An eye on the networking chips and devices market
Other networking devices designed to support AI/ML workloads include the Broadcom Tomahawk 5 and NVIDIA Spectrum-4, as well as the Marvell platform incorporating the Teralynx switch chip and Nova electro-optics platform. All of the switch chips in this category enable 51.2Tbps of bandwidth, Westfall noted.

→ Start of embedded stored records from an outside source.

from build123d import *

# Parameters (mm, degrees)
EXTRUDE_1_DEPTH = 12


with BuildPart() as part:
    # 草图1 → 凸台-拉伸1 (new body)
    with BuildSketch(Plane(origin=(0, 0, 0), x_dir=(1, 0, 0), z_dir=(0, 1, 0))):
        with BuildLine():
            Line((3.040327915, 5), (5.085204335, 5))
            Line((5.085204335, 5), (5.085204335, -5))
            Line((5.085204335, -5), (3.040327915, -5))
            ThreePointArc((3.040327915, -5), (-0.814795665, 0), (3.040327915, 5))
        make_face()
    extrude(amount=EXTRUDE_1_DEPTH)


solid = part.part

“This is advancing Ethernet capabilities within the AI/ML cluster environments,” Westfall said. “They're all [aiming] to be a competitive alternative to InfiniBand technologies. As organizations look to use increasingly larger GPU clusters to obviously scale AI/Ml, we know that can be very demanding.”
The networking vendors that could come out ahead in the AI networking chip race are those that offer fewer switches, fewer optics, and a 256x radix-switch threshold, Westfall said.
“Cisco at least is making the competitive conversation more than about sheer performance and sheer scaling,” Westfall said. “It's about reducing the number of capabilities that have been used thus far to enable these AI/ML clusters to perform.”
That means using fewer direct-attach cables and fewer traditional optics, Westfall said.
Cisco could also add more flexibility for companies to build out their AI training clusters, which require more performance and processing power than AI inference models, according to Westfall.
“I think this is where Cisco can assert a fair degree of competitive differentiation because, obviously, Cisco is very much a juggernaut for Ethernet technology,” Westfall explained. “By boosting overall training and cluster efficiency, that is where Cisco can drive home that they can give customers a great deal more flexibility in how they approach building out their AI training clusters,” Westfall added.
How Broadcom and NVIDIA plan to keep up on Ethernet
Broadcom aims to keep pace with its Jericho3-AI high-performance fabric. Introduced in April, the fabric connects 32,000 GPUs.
Like the Cisco Silicon One chips, the Jericho3-AI offers load balancing and a high radix. Broadcom claims that the Jericho3-AI offers more than 10% shorter job completion times versus competing chips.
The NVIDIA Spectrum-4 Ethernet switch is also built for AI technologies such as ML and natural language processing. Like the Cisco chips, the NVIDIA Spectrum-4 offers features for telemetry.
Ethernet switches offer telemetry to allow for load balancing and spotting congestion on a network.
As network operators choose the chips for their AI/ML workloads, they will want to consider which ones can handle telemetry-assisted Ethernet, Westfall said. He also sees fully scheduled fabrics as important.
“This is something that I think we'll see more of, and that Cisco, through Silicon One, can enable more flexibility in allowing organizations to adopt telemetry-assisted Ethernet, as well as fully scheduled fabrics to basically take the scaling of AI training workloads and clusters to the next levels.”
What will make the chipsets successful with AI goes beyond bandwidth capabilities, according to Westfall.
“Even more important is which chipsets are going to be more effective, allowing customers to use less optics to basically become more able to reach these thresholds using fewer switches,” he said.